Imagine giving your employees a real say in how your organization is run. Think about it: They show up to work, voice their opinions, express their concerns, toss around their ideas, and...get this--management says "you're right."

If that sounds like a scene from a badly scripted movie, think again. Giving employees "voice" has long been recognized as a key driver of leadership trust and organizational effectiveness.

Here's Why

Research by Ethan Burris of the University of Texas at Austin finds that managers respond positively to staff who use their voice in a way that supports the organization's policies, mission, and culture.

Employees not having voice is a problem, says Burris, "and it's not just because employees don't feel like speaking up. There's lots of research that shows when staff don't feel involved in the workplace, they tend to withdraw."

Burris' body of research, entitled "The Risks and Rewards of Speaking Up: Responses to Employee Voice," suggests that those employees who do speak up or challenge the status quo, unfortunately, are perceived to be less competent and less committed to their organizations.

In an era where 70 percent of employees are disengaged and employees don't trust their top bosses, employees need more than an "open door policy" in order to feel safe to speak up, contribute, and give their best effort.

Remember This Google Story?

Back in 2010, Google implemented a policy that provided extra payments to same-sex couples to cover the additional income tax they had to pay for health benefits received by a domestic partner.

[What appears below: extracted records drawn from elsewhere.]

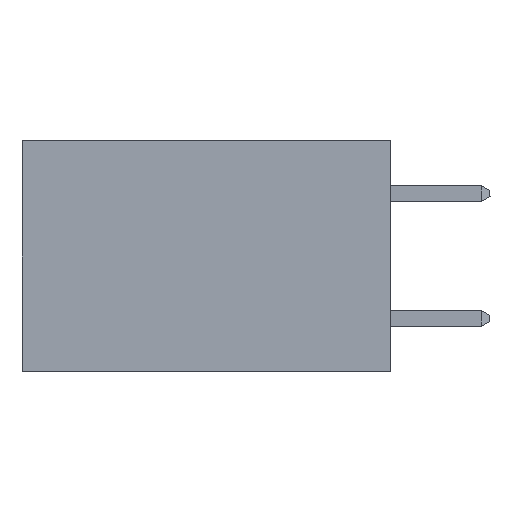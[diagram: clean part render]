
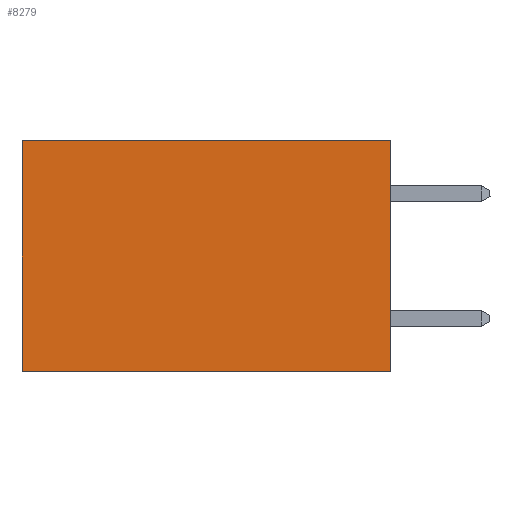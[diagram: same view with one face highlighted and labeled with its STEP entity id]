
A CAD part, left-side view. The second image highlights one B-rep face of the part: STEP entity #8279.
In plain terms, the highlighted planar face has unit normal (-1, 0, 0).
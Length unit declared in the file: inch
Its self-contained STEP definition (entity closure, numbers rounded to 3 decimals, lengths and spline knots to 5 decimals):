
#184 = VECTOR ( 'NONE', #7823, 39.37008 ) ;
#240 = CARTESIAN_POINT ( 'NONE',  ( 0.277, 0.59, 0. ) ) ;
#3159 = VERTEX_POINT ( 'NONE', #240 ) ;
#3558 = VERTEX_POINT ( 'NONE', #18922 ) ;
#4196 = VERTEX_POINT ( 'NONE', #10611 ) ;
#5252 = CARTESIAN_POINT ( 'NONE',  ( 0.277, 0., 0. ) ) ;
#5471 = ORIENTED_EDGE ( 'NONE', *, *, #29239, .T. ) ;
#6032 = EDGE_CURVE ( 'NONE', #3159, #4196, #21577, .T. ) ;
#7823 = DIRECTION ( 'NONE',  ( 0., 1., 0. ) ) ;
#8279 = ADVANCED_FACE ( 'NONE', ( #16404 ), #21148, .F. ) ;
#9593 = DIRECTION ( 'NONE',  ( 0., 0., -1. ) ) ;
#10611 = CARTESIAN_POINT ( 'NONE',  ( 0.277, 0.59, -0.37 ) ) ;
#11762 = CARTESIAN_POINT ( 'NONE',  ( 0.277, 0., -0.37 ) ) ;
#12017 = CARTESIAN_POINT ( 'NONE',  ( 0.277, 0., -0.37 ) ) ;
#13720 = DIRECTION ( 'NONE',  ( 1., 0., 0. ) ) ;
#13753 = LINE ( 'NONE', #11762, #21274 ) ;
#15668 = VECTOR ( 'NONE', #19774, 39.37008 ) ;
#16404 = FACE_OUTER_BOUND ( 'NONE', #22489, .T. ) ;
#18040 = VECTOR ( 'NONE', #9593, 39.37008 ) ;
#18922 = CARTESIAN_POINT ( 'NONE',  ( 0.277, 0., -0.37 ) ) ;
#19774 = DIRECTION ( 'NONE',  ( 0., 0., -1. ) ) ;
#20088 = CARTESIAN_POINT ( 'NONE',  ( 0.277, 0.59, -0.37 ) ) ;
#20276 = LINE ( 'NONE', #5252, #184 ) ;
#21148 = PLANE ( 'NONE',  #22705 ) ;
#21274 = VECTOR ( 'NONE', #29172, 39.37008 ) ;
#21505 = ORIENTED_EDGE ( 'NONE', *, *, #6032, .T. ) ;
#21577 = LINE ( 'NONE', #20088, #15668 ) ;
#22489 = EDGE_LOOP ( 'NONE', ( #21505, #27361, #22903, #5471 ) ) ;
#22705 = AXIS2_PLACEMENT_3D ( 'NONE', #26196, #13720, #31096 ) ;
#22903 = ORIENTED_EDGE ( 'NONE', *, *, #27581, .F. ) ;
#25187 = CARTESIAN_POINT ( 'NONE',  ( 0.277, 0., 0. ) ) ;
#26194 = EDGE_CURVE ( 'NONE', #3558, #4196, #13753, .T. ) ;
#26196 = CARTESIAN_POINT ( 'NONE',  ( 0.277, 0., -0.37 ) ) ;
#27361 = ORIENTED_EDGE ( 'NONE', *, *, #26194, .F. ) ;
#27581 = EDGE_CURVE ( 'NONE', #29985, #3558, #31142, .T. ) ;
#29172 = DIRECTION ( 'NONE',  ( 0., 1., 0. ) ) ;
#29239 = EDGE_CURVE ( 'NONE', #29985, #3159, #20276, .T. ) ;
#29985 = VERTEX_POINT ( 'NONE', #25187 ) ;
#31096 = DIRECTION ( 'NONE',  ( 0., 0., -1. ) ) ;
#31142 = LINE ( 'NONE', #12017, #18040 ) ;
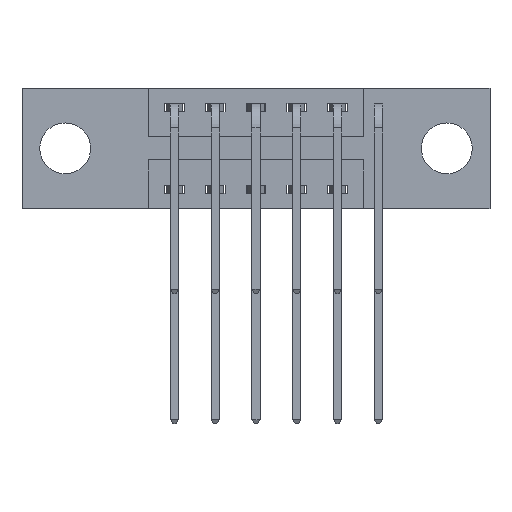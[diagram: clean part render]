
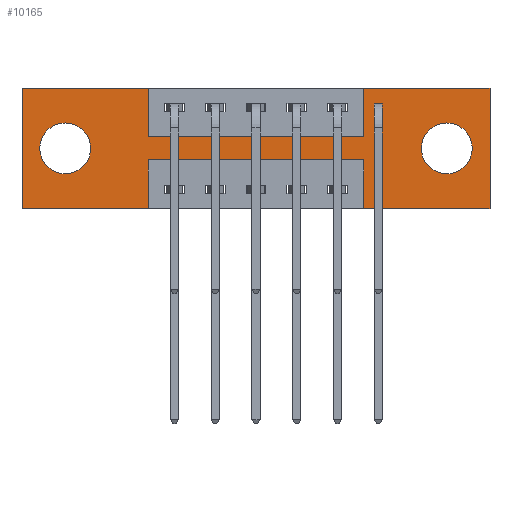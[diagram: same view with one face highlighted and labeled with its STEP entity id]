
A CAD part, front view. The second image highlights one B-rep face of the part: STEP entity #10165.
In plain terms, the highlighted planar face has unit normal (0, -1, 0).
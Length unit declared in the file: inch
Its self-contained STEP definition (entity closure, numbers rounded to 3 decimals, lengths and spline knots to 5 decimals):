
#234 = CARTESIAN_POINT ( 'NONE',  ( 0., 0., 0. ) ) ;
#360 = ORIENTED_EDGE ( 'NONE', *, *, #2505, .F. ) ;
#414 = DIRECTION ( 'NONE',  ( 0., 1., 0. ) ) ;
#424 = VECTOR ( 'NONE', #8199, 39.37008 ) ;
#481 = AXIS2_PLACEMENT_3D ( 'NONE', #708, #5631, #4730 ) ;
#499 = CIRCLE ( 'NONE', #2351, 0.078 ) ;
#577 = ORIENTED_EDGE ( 'NONE', *, *, #3240, .F. ) ;
#701 = ORIENTED_EDGE ( 'NONE', *, *, #3460, .T. ) ;
#708 = CARTESIAN_POINT ( 'NONE',  ( 0.1325, 0., -0.185 ) ) ;
#814 = EDGE_CURVE ( 'NONE', #5803, #1529, #7982, .T. ) ;
#855 = CARTESIAN_POINT ( 'NONE',  ( 0.3875, 0., 0. ) ) ;
#901 = ORIENTED_EDGE ( 'NONE', *, *, #8834, .F. ) ;
#1125 = EDGE_CURVE ( 'NONE', #2244, #5803, #10156, .T. ) ;
#1175 = DIRECTION ( 'NONE',  ( 0., 0., 1. ) ) ;
#1184 = DIRECTION ( 'NONE',  ( 1., 0., 0. ) ) ;
#1345 = DIRECTION ( 'NONE',  ( 0., 0., -1. ) ) ;
#1442 = CARTESIAN_POINT ( 'NONE',  ( 0.3875, 0., -0.37 ) ) ;
#1457 = CARTESIAN_POINT ( 'NONE',  ( 0.3875, 0., -0.15 ) ) ;
#1469 = CARTESIAN_POINT ( 'NONE',  ( 0., 0., 0. ) ) ;
#1529 = VERTEX_POINT ( 'NONE', #6823 ) ;
#1663 = CARTESIAN_POINT ( 'NONE',  ( 0., 0., -0.37 ) ) ;
#1689 = EDGE_LOOP ( 'NONE', ( #5128, #8986, #4815, #3028, #5295, #10006, #360, #7172, #8598, #577, #7775, #901 ) ) ;
#1960 = DIRECTION ( 'NONE',  ( 0., 1., 0. ) ) ;
#1968 = EDGE_CURVE ( 'NONE', #5763, #8391, #9096, .T. ) ;
#2097 = EDGE_CURVE ( 'NONE', #4335, #2244, #2822, .T. ) ;
#2244 = VERTEX_POINT ( 'NONE', #7338 ) ;
#2286 = EDGE_CURVE ( 'NONE', #3604, #5763, #9835, .T. ) ;
#2351 = AXIS2_PLACEMENT_3D ( 'NONE', #7688, #414, #3644 ) ;
#2410 = EDGE_LOOP ( 'NONE', ( #7696, #3784 ) ) ;
#2499 = VECTOR ( 'NONE', #6369, 39.37008 ) ;
#2505 = EDGE_CURVE ( 'NONE', #8391, #4384, #7104, .T. ) ;
#2518 = VECTOR ( 'NONE', #7050, 39.37008 ) ;
#2637 = VERTEX_POINT ( 'NONE', #1663 ) ;
#2639 = CARTESIAN_POINT ( 'NONE',  ( 0., 0., -0.37 ) ) ;
#2676 = VECTOR ( 'NONE', #4976, 39.37008 ) ;
#2822 = LINE ( 'NONE', #3824, #2499 ) ;
#2904 = VECTOR ( 'NONE', #5987, 39.37008 ) ;
#2987 = LINE ( 'NONE', #1442, #7530 ) ;
#3028 = ORIENTED_EDGE ( 'NONE', *, *, #1125, .F. ) ;
#3036 = CARTESIAN_POINT ( 'NONE',  ( 0.3875, 0., -0.22 ) ) ;
#3152 = CARTESIAN_POINT ( 'NONE',  ( 0., 0., -0.37 ) ) ;
#3240 = EDGE_CURVE ( 'NONE', #6927, #3604, #7519, .T. ) ;
#3460 = EDGE_CURVE ( 'NONE', #4185, #4206, #8150, .T. ) ;
#3530 = CARTESIAN_POINT ( 'NONE',  ( 1.3025, 0., -0.263 ) ) ;
#3537 = DIRECTION ( 'NONE',  ( -1., 0., 0. ) ) ;
#3566 = VECTOR ( 'NONE', #1184, 39.37008 ) ;
#3604 = VERTEX_POINT ( 'NONE', #5953 ) ;
#3644 = DIRECTION ( 'NONE',  ( 0., 0., -1. ) ) ;
#3784 = ORIENTED_EDGE ( 'NONE', *, *, #6646, .T. ) ;
#3816 = LINE ( 'NONE', #1469, #2518 ) ;
#3823 = CARTESIAN_POINT ( 'NONE',  ( 1.0475, 0., -0.37 ) ) ;
#3824 = CARTESIAN_POINT ( 'NONE',  ( 1.435, 0., 0. ) ) ;
#3940 = EDGE_LOOP ( 'NONE', ( #8589, #701 ) ) ;
#3952 = LINE ( 'NONE', #3152, #424 ) ;
#4122 = CARTESIAN_POINT ( 'NONE',  ( 0., 0., 0. ) ) ;
#4185 = VERTEX_POINT ( 'NONE', #3530 ) ;
#4206 = VERTEX_POINT ( 'NONE', #6722 ) ;
#4335 = VERTEX_POINT ( 'NONE', #9390 ) ;
#4384 = VERTEX_POINT ( 'NONE', #6299 ) ;
#4392 = LINE ( 'NONE', #10049, #2904 ) ;
#4565 = VECTOR ( 'NONE', #9618, 39.37008 ) ;
#4673 = AXIS2_PLACEMENT_3D ( 'NONE', #9257, #1960, #1175 ) ;
#4730 = DIRECTION ( 'NONE',  ( 0., 0., 1. ) ) ;
#4815 = ORIENTED_EDGE ( 'NONE', *, *, #814, .F. ) ;
#4856 = VECTOR ( 'NONE', #10333, 39.37008 ) ;
#4886 = DIRECTION ( 'NONE',  ( 0., 0., -1. ) ) ;
#4976 = DIRECTION ( 'NONE',  ( 0., 0., -1. ) ) ;
#5051 = CIRCLE ( 'NONE', #481, 0.078 ) ;
#5128 = ORIENTED_EDGE ( 'NONE', *, *, #7564, .F. ) ;
#5209 = VECTOR ( 'NONE', #3537, 39.37008 ) ;
#5295 = ORIENTED_EDGE ( 'NONE', *, *, #2097, .F. ) ;
#5406 = FACE_OUTER_BOUND ( 'NONE', #1689, .T. ) ;
#5475 = AXIS2_PLACEMENT_3D ( 'NONE', #7860, #8645, #10265 ) ;
#5510 = FACE_BOUND ( 'NONE', #2410, .T. ) ;
#5631 = DIRECTION ( 'NONE',  ( 0., 1., 0. ) ) ;
#5763 = VERTEX_POINT ( 'NONE', #1457 ) ;
#5803 = VERTEX_POINT ( 'NONE', #8009 ) ;
#5953 = CARTESIAN_POINT ( 'NONE',  ( 0.3875, 0., 0. ) ) ;
#5987 = DIRECTION ( 'NONE',  ( -1., 0., 0. ) ) ;
#6076 = EDGE_CURVE ( 'NONE', #2637, #6927, #9760, .T. ) ;
#6196 = CIRCLE ( 'NONE', #4673, 0.078 ) ;
#6202 = VECTOR ( 'NONE', #9002, 39.37008 ) ;
#6299 = CARTESIAN_POINT ( 'NONE',  ( 1.0475, 0., 0. ) ) ;
#6369 = DIRECTION ( 'NONE',  ( 0., 0., -1. ) ) ;
#6541 = DIRECTION ( 'NONE',  ( 0., 1., 0. ) ) ;
#6641 = VERTEX_POINT ( 'NONE', #7672 ) ;
#6646 = EDGE_CURVE ( 'NONE', #6641, #9813, #6196, .T. ) ;
#6722 = CARTESIAN_POINT ( 'NONE',  ( 1.3025, 0., -0.107 ) ) ;
#6823 = CARTESIAN_POINT ( 'NONE',  ( 1.0475, 0., -0.22 ) ) ;
#6927 = VERTEX_POINT ( 'NONE', #7342 ) ;
#6934 = CARTESIAN_POINT ( 'NONE',  ( 0.1325, 0., -0.107 ) ) ;
#6960 = AXIS2_PLACEMENT_3D ( 'NONE', #7240, #6541, #4886 ) ;
#7050 = DIRECTION ( 'NONE',  ( 1., 0., 0. ) ) ;
#7104 = LINE ( 'NONE', #7212, #4565 ) ;
#7172 = ORIENTED_EDGE ( 'NONE', *, *, #1968, .F. ) ;
#7212 = CARTESIAN_POINT ( 'NONE',  ( 1.0475, 0., 0. ) ) ;
#7240 = CARTESIAN_POINT ( 'NONE',  ( 1.3025, 0., -0.185 ) ) ;
#7338 = CARTESIAN_POINT ( 'NONE',  ( 1.435, 0., -0.37 ) ) ;
#7342 = CARTESIAN_POINT ( 'NONE',  ( 0., 0., 0. ) ) ;
#7375 = CARTESIAN_POINT ( 'NONE',  ( 1.0475, 0., -0.15 ) ) ;
#7418 = CARTESIAN_POINT ( 'NONE',  ( 0.3875, 0., -0.15 ) ) ;
#7519 = LINE ( 'NONE', #234, #3566 ) ;
#7530 = VECTOR ( 'NONE', #1345, 39.37008 ) ;
#7564 = EDGE_CURVE ( 'NONE', #9030, #8965, #2987, .T. ) ;
#7672 = CARTESIAN_POINT ( 'NONE',  ( 0.1325, 0., -0.263 ) ) ;
#7688 = CARTESIAN_POINT ( 'NONE',  ( 1.3025, 0., -0.185 ) ) ;
#7696 = ORIENTED_EDGE ( 'NONE', *, *, #9245, .T. ) ;
#7775 = ORIENTED_EDGE ( 'NONE', *, *, #6076, .F. ) ;
#7860 = CARTESIAN_POINT ( 'NONE',  ( 0., 0., -0.37 ) ) ;
#7982 = LINE ( 'NONE', #3823, #4856 ) ;
#8009 = CARTESIAN_POINT ( 'NONE',  ( 1.0475, 0., -0.37 ) ) ;
#8150 = CIRCLE ( 'NONE', #6960, 0.078 ) ;
#8199 = DIRECTION ( 'NONE',  ( -1., 0., 0. ) ) ;
#8391 = VERTEX_POINT ( 'NONE', #7375 ) ;
#8589 = ORIENTED_EDGE ( 'NONE', *, *, #10518, .T. ) ;
#8598 = ORIENTED_EDGE ( 'NONE', *, *, #2286, .F. ) ;
#8645 = DIRECTION ( 'NONE',  ( 0., -1., 0. ) ) ;
#8754 = PLANE ( 'NONE',  #5475 ) ;
#8834 = EDGE_CURVE ( 'NONE', #8965, #2637, #3952, .T. ) ;
#8965 = VERTEX_POINT ( 'NONE', #9265 ) ;
#8986 = ORIENTED_EDGE ( 'NONE', *, *, #9998, .F. ) ;
#9002 = DIRECTION ( 'NONE',  ( 0., 0., 1. ) ) ;
#9030 = VERTEX_POINT ( 'NONE', #3036 ) ;
#9096 = LINE ( 'NONE', #7418, #10170 ) ;
#9245 = EDGE_CURVE ( 'NONE', #9813, #6641, #5051, .T. ) ;
#9257 = CARTESIAN_POINT ( 'NONE',  ( 0.1325, 0., -0.185 ) ) ;
#9265 = CARTESIAN_POINT ( 'NONE',  ( 0.3875, 0., -0.37 ) ) ;
#9390 = CARTESIAN_POINT ( 'NONE',  ( 1.435, 0., 0. ) ) ;
#9452 = FACE_BOUND ( 'NONE', #3940, .T. ) ;
#9496 = EDGE_CURVE ( 'NONE', #4384, #4335, #3816, .T. ) ;
#9618 = DIRECTION ( 'NONE',  ( 0., 0., 1. ) ) ;
#9760 = LINE ( 'NONE', #4122, #6202 ) ;
#9813 = VERTEX_POINT ( 'NONE', #6934 ) ;
#9835 = LINE ( 'NONE', #855, #2676 ) ;
#9857 = DIRECTION ( 'NONE',  ( 1., 0., 0. ) ) ;
#9998 = EDGE_CURVE ( 'NONE', #1529, #9030, #4392, .T. ) ;
#10006 = ORIENTED_EDGE ( 'NONE', *, *, #9496, .F. ) ;
#10049 = CARTESIAN_POINT ( 'NONE',  ( 0.3875, 0., -0.22 ) ) ;
#10156 = LINE ( 'NONE', #2639, #5209 ) ;
#10165 = ADVANCED_FACE ( 'NONE', ( #9452, #5510, #5406 ), #8754, .T. ) ;
#10170 = VECTOR ( 'NONE', #9857, 39.37008 ) ;
#10265 = DIRECTION ( 'NONE',  ( 0., 0., -1. ) ) ;
#10333 = DIRECTION ( 'NONE',  ( 0., 0., 1. ) ) ;
#10518 = EDGE_CURVE ( 'NONE', #4206, #4185, #499, .T. ) ;

But this didn't happen until a "Googler" emailed the VP of Benefits to voice opinion and explain that the policy was unfair. Google said, "You're right," and changed it. As is the case, Google became one of the first corporate giants to do so, setting the stage for others to follow.

When pressed by the New York Times about the cost to Google, Laszlo Bock, Google's HR boss, declined to comment and put the focus back on the principle of it all--equalizing benefits for all Googlers.

"If you were to add it all up, it's not like we are talking hundreds of thousands per employee. It will cost some money, but it was more about doing the right thing," said Bock.

Give Voice to Employees the ACUITY Way

Property/casualty insurer ACUITY, a $1.2 billion giant with 1110 employees, has made Fortune's 100 Best Companies to Work for list two years in a row.

Quite a number of factors helped them make the list, including things like unlimited education reimbursement, flexible schedules, even casual lunches with executives where they share the company's goals with you. All in the name of building employee loyalty.

How do they give voice?

ACUITY's senior leaders allow employees to participate in annual strategic planning. Employees actually have the freedom to decide on which charity organizations ACUITY donates to, and they have donated over $12 million dollars the last eight years.

As you may imagine, ACUITY has really high employee ratings on their bosses and work environment. This has led to an incredible 2 percent voluntary turnover.

Their secret sauce is having created a culture that is built on trust and respect because their employees have voice in really important decisions.

Closing Thoughts

Affirming Burris' research, voice has shown positive effects of employees speaking up on decision quality, team performance, and organizational performance.

But there are prerequisites. It will take having a healthy, people-centered, work culture in place where values like openness, trust, and transparency are woven into the very fabric of how people communicate and relate. This can only start with the top of the food chain designing and implementing ways to value and empower their employees.